* WHAT NEEDS TO BE DONE
Set down every entry exactly as given. Pictures are to be left out.

----

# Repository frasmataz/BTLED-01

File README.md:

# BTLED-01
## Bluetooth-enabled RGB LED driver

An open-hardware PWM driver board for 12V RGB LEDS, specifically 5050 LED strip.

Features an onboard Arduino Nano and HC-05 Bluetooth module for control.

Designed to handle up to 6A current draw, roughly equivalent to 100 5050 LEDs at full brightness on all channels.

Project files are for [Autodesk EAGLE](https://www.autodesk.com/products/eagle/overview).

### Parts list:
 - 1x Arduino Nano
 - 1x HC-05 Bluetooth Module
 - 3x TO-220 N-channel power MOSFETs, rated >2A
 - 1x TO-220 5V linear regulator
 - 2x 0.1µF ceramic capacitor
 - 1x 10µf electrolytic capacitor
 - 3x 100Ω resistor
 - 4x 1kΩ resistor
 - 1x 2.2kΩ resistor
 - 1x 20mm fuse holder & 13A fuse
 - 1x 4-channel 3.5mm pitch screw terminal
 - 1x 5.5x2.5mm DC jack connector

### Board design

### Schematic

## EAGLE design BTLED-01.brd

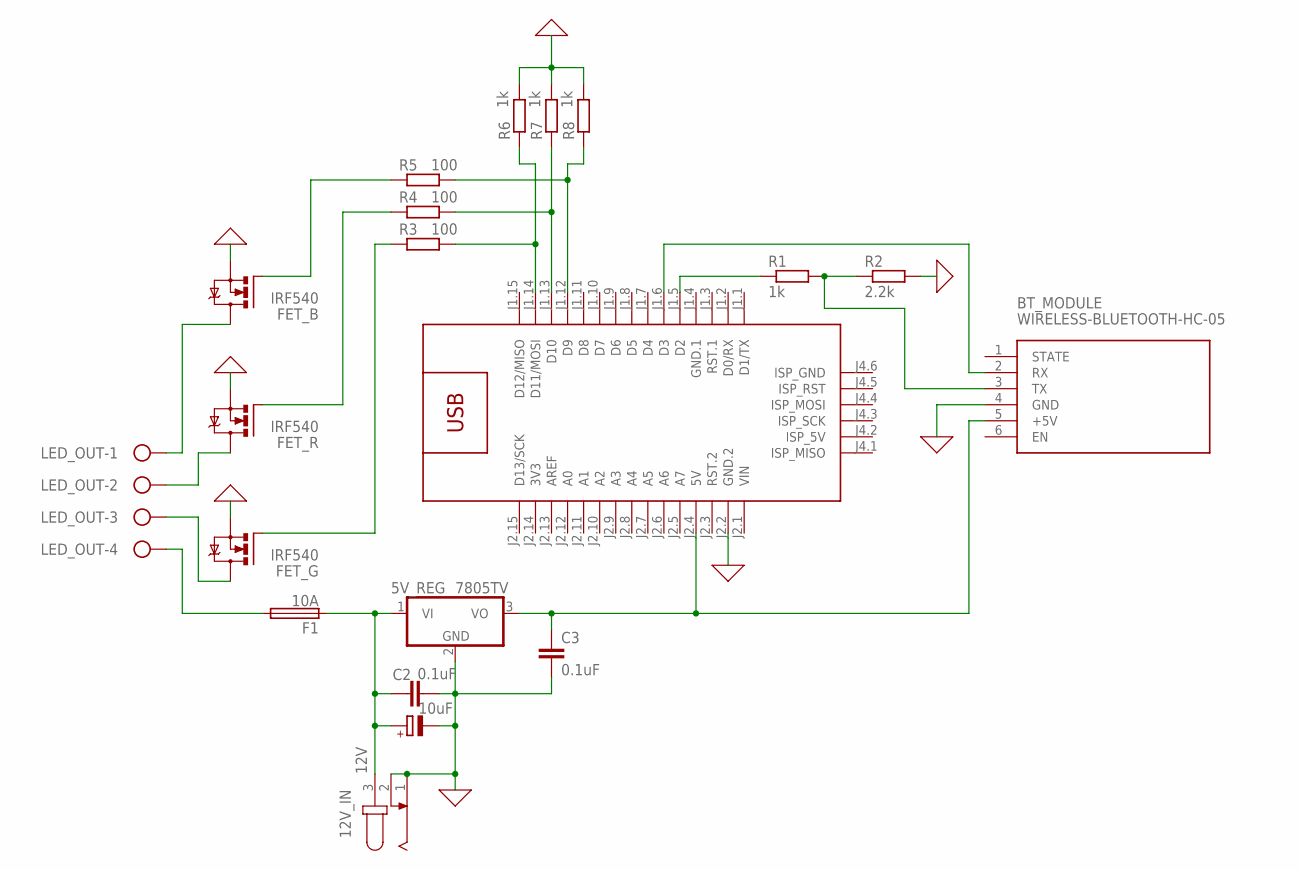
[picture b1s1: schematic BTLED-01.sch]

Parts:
5V_REG: 7805TV; TO220V
12V_IN: 12V; SPC4078
ARDUINO_NANO: ARDUINO-NANO-3.0#ISP
BT_MODULE: WIRELESS-BLUETOOTH-HC-05
C1: 10uF; E2,5-6
C2, C3: 0.1uF; C050-024X044
F1: 10A; SH22,5
FET_B: IRF540; TO220BV
FET_G: IRF540; TO220BV
FET_R: IRF540; TO220BV
LED_OUT: W237-4
R1, R6, R7, R8: 1k; 0204/7
R2: 2.2k; 0204/7
R3, R4, R5: 100; 0204/7

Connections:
3V3: ARDUINO_NANO.J2.14 (3V3)
5V: 5V_REG.3 (VO), ARDUINO_NANO.J2.4 (5V), BT_MODULE.5 (+5V), C3.1
12V_IN: 5V_REG.1 (VI), 12V_IN.3, C1.+, C2.1, F1.1
12V_OUT: F1.2, LED_OUT.4
BT_RX_3.3V: BT_MODULE.3 (TX), R1.2, R2.1
BT_RX_5V: ARDUINO_NANO.J1.5 (D2), R1.1
BT_TX: ARDUINO_NANO.J1.6 (D3), BT_MODULE.2 (RX)
B_DRAIN: FET_B.D, LED_OUT.1
B_SIG_1: ARDUINO_NANO.J1.12 (D9), R5.2, R8.1
B_SIG_2: FET_B.G, R5.1
GND: 5V_REG.2 (GND), 12V_IN.1, 12V_IN.2, ARDUINO_NANO.J2.2 (GND.2), BT_MODULE.4 (GND), C1.-, C2.2, C3.2, FET_B.S, FET_G.S, FET_R.S, R2.2, R6.2, R7.2, R8.2
GND.1: ARDUINO_NANO.J1.4 (GND.1)
G_DRAIN: FET_G.D, LED_OUT.3
G_SIG_1: ARDUINO_NANO.J1.14 (D11/MOSI), R3.2, R6.1
G_SIG_2: FET_G.G, R3.1
R_DRAIN: FET_R.D, LED_OUT.2
R_SIG_1: ARDUINO_NANO.J1.13 (D10), R4.2, R7.1
R_SIG_2: FET_R.G, R4.1
VIN: ARDUINO_NANO.J2.1 (VIN)

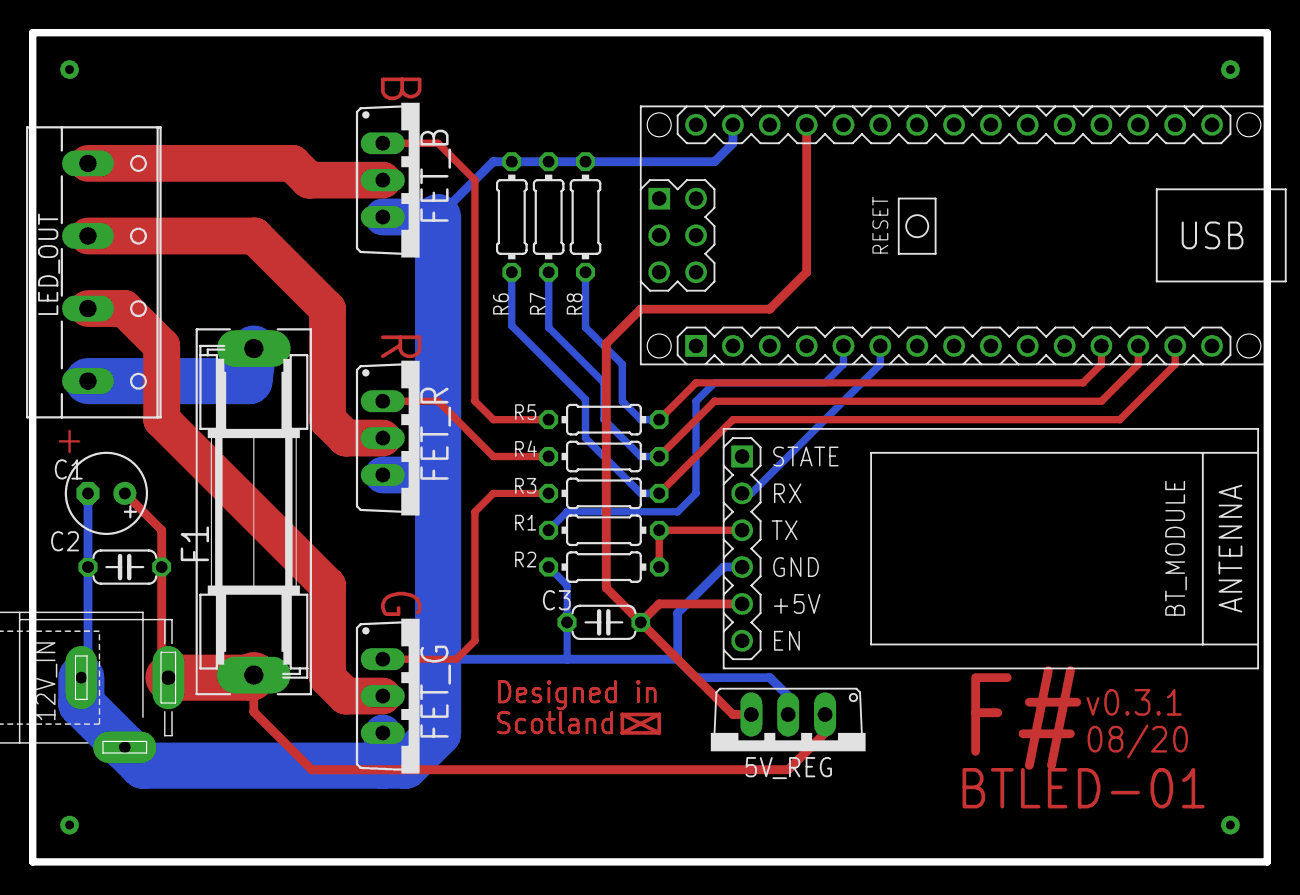
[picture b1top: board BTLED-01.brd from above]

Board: 2 copper layers, 85.1 x 57.2 mm, 20 parts (0 on the bottom side), 16 nets.

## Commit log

2020-07-15 feat: Initial design
2020-07-15 feat: Add README
2020-07-20 fix: Replace fuse holder footprint
    Replace 20mm fuse footprint with 22.5mm fuse holder.
    Tweak some trace widths
2020-07-20 feat: Replaced DC input jack with Wago screw terminals
2020-07-20 feat: Add BRG+ labels to upper copper mask
2020-07-30 fix: tweak fastener holes for easier printing
    also moved some traces a tad
2020-07-31 feat: Add arduino project, set solid LED colours with bluetooth
2020-08-01 feat: Fade List mode now fades with set intervals
2020-08-01 feat: Fade list fading durations now specified in bluetooth command
    This lets you program both the list of colours and the speed of each
    fading animation between each colour remotely.
    Durations are in tenths of a second for now.
    An example bytestream input would be (in hex):
    23 32 FF 00 00 02 07 00 FF 00 0A 00
    23 // start byte
2020-08-04 feat: Add pulldown resistors to MOSFET gate signals
    BREAKING CHANGE: Switched TX/RX pins on Arduino to avoid conflicts with
    built-in serial
2020-08-04 Release 0.3.0
2020-08-05 fix: slight tweaks to positioning
2020-08-05 Release 0.3.1
2021-03-30 feat: add Android project
    also misc tweaks + fixes from prototyping
2021-04-01 feat: Add flicker animation
2021-04-01 feat: Add HSV single colour selection in app

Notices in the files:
parts and their libraries:
diy-modules: Released under the Creative Commons Attribution 4.0 International License: http://creativecommons.org/licenses/by/4.0

----

* RESPONSE AREA
# Repository frasmataz/BTLED-01

File README.md:

# BTLED-01
## Bluetooth-enabled RGB LED driver

An open-hardware PWM driver board for 12V RGB LEDS, specifically 5050 LED strip.

Features an onboard Arduino Nano and HC-05 Bluetooth module for control.

Designed to handle up to 6A current draw, roughly equivalent to 100 5050 LEDs at full brightness on all channels.

Project files are for [Autodesk EAGLE](https://www.autodesk.com/products/eagle/overview).

### Parts list:
 - 1x Arduino Nano
 - 1x HC-05 Bluetooth Module
 - 3x TO-220 N-channel power MOSFETs, rated >2A
 - 1x TO-220 5V linear regulator
 - 2x 0.1µF ceramic capacitor
 - 1x 10µf electrolytic capacitor
 - 3x 100Ω resistor
 - 4x 1kΩ resistor
 - 1x 2.2kΩ resistor
 - 1x 20mm fuse holder & 13A fuse
 - 1x 4-channel 3.5mm pitch screw terminal
 - 1x 5.5x2.5mm DC jack connector

### Board design

### Schematic

## EAGLE design BTLED-01.brd

[picture b1s1: schematic BTLED-01.sch]

Parts:
5V_REG: 7805TV; TO220V
12V_IN: 12V; SPC4078
ARDUINO_NANO: ARDUINO-NANO-3.0#ISP
BT_MODULE: WIRELESS-BLUETOOTH-HC-05
C1: 10uF; E2,5-6
C2, C3: 0.1uF; C050-024X044
F1: 10A; SH22,5
FET_B: IRF540; TO220BV
FET_G: IRF540; TO220BV
FET_R: IRF540; TO220BV
LED_OUT: W237-4
R1, R6, R7, R8: 1k; 0204/7
R2: 2.2k; 0204/7
R3, R4, R5: 100; 0204/7

Connections:
3V3: ARDUINO_NANO.J2.14 (3V3)
5V: 5V_REG.3 (VO), ARDUINO_NANO.J2.4 (5V), BT_MODULE.5 (+5V), C3.1
12V_IN: 5V_REG.1 (VI), 12V_IN.3, C1.+, C2.1, F1.1
12V_OUT: F1.2, LED_OUT.4
BT_RX_3.3V: BT_MODULE.3 (TX), R1.2, R2.1
BT_RX_5V: ARDUINO_NANO.J1.5 (D2), R1.1
BT_TX: ARDUINO_NANO.J1.6 (D3), BT_MODULE.2 (RX)
B_DRAIN: FET_B.D, LED_OUT.1
B_SIG_1: ARDUINO_NANO.J1.12 (D9), R5.2, R8.1
B_SIG_2: FET_B.G, R5.1
GND: 5V_REG.2 (GND), 12V_IN.1, 12V_IN.2, ARDUINO_NANO.J2.2 (GND.2), BT_MODULE.4 (GND), C1.-, C2.2, C3.2, FET_B.S, FET_G.S, FET_R.S, R2.2, R6.2, R7.2, R8.2
GND.1: ARDUINO_NANO.J1.4 (GND.1)
G_DRAIN: FET_G.D, LED_OUT.3
G_SIG_1: ARDUINO_NANO.J1.14 (D11/MOSI), R3.2, R6.1
G_SIG_2: FET_G.G, R3.1
R_DRAIN: FET_R.D, LED_OUT.2
R_SIG_1: ARDUINO_NANO.J1.13 (D10), R4.2, R7.1
R_SIG_2: FET_R.G, R4.1
VIN: ARDUINO_NANO.J2.1 (VIN)

[picture b1top: board BTLED-01.brd from above]

Board: 2 copper layers, 85.1 x 57.2 mm, 20 parts (0 on the bottom side), 16 nets.

## Commit log

2020-07-15 feat: Initial design
2020-07-15 feat: Add README
2020-07-20 fix: Replace fuse holder footprint
    Replace 20mm fuse footprint with 22.5mm fuse holder.
    Tweak some trace widths
2020-07-20 feat: Replaced DC input jack with Wago screw terminals
2020-07-20 feat: Add BRG+ labels to upper copper mask
2020-07-30 fix: tweak fastener holes for easier printing
    also moved some traces a tad
2020-07-31 feat: Add arduino project, set solid LED colours with bluetooth
2020-08-01 feat: Fade List mode now fades with set intervals
2020-08-01 feat: Fade list fading durations now specified in bluetooth command
    This lets you program both the list of colours and the speed of each
    fading animation between each colour remotely.
    Durations are in tenths of a second for now.
    An example bytestream input would be (in hex):
    23 32 FF 00 00 02 07 00 FF 00 0A 00
    23 // start byte
2020-08-04 feat: Add pulldown resistors to MOSFET gate signals
    BREAKING CHANGE: Switched TX/RX pins on Arduino to avoid conflicts with
    built-in serial
2020-08-04 Release 0.3.0
2020-08-05 fix: slight tweaks to positioning
2020-08-05 Release 0.3.1
2021-03-30 feat: add Android project
    also misc tweaks + fixes from prototyping
2021-04-01 feat: Add flicker animation
2021-04-01 feat: Add HSV single colour selection in app

Notices in the files:
parts and their libraries:
diy-modules: Released under the Creative Commons Attribution 4.0 International License: http://creativecommons.org/licenses/by/4.0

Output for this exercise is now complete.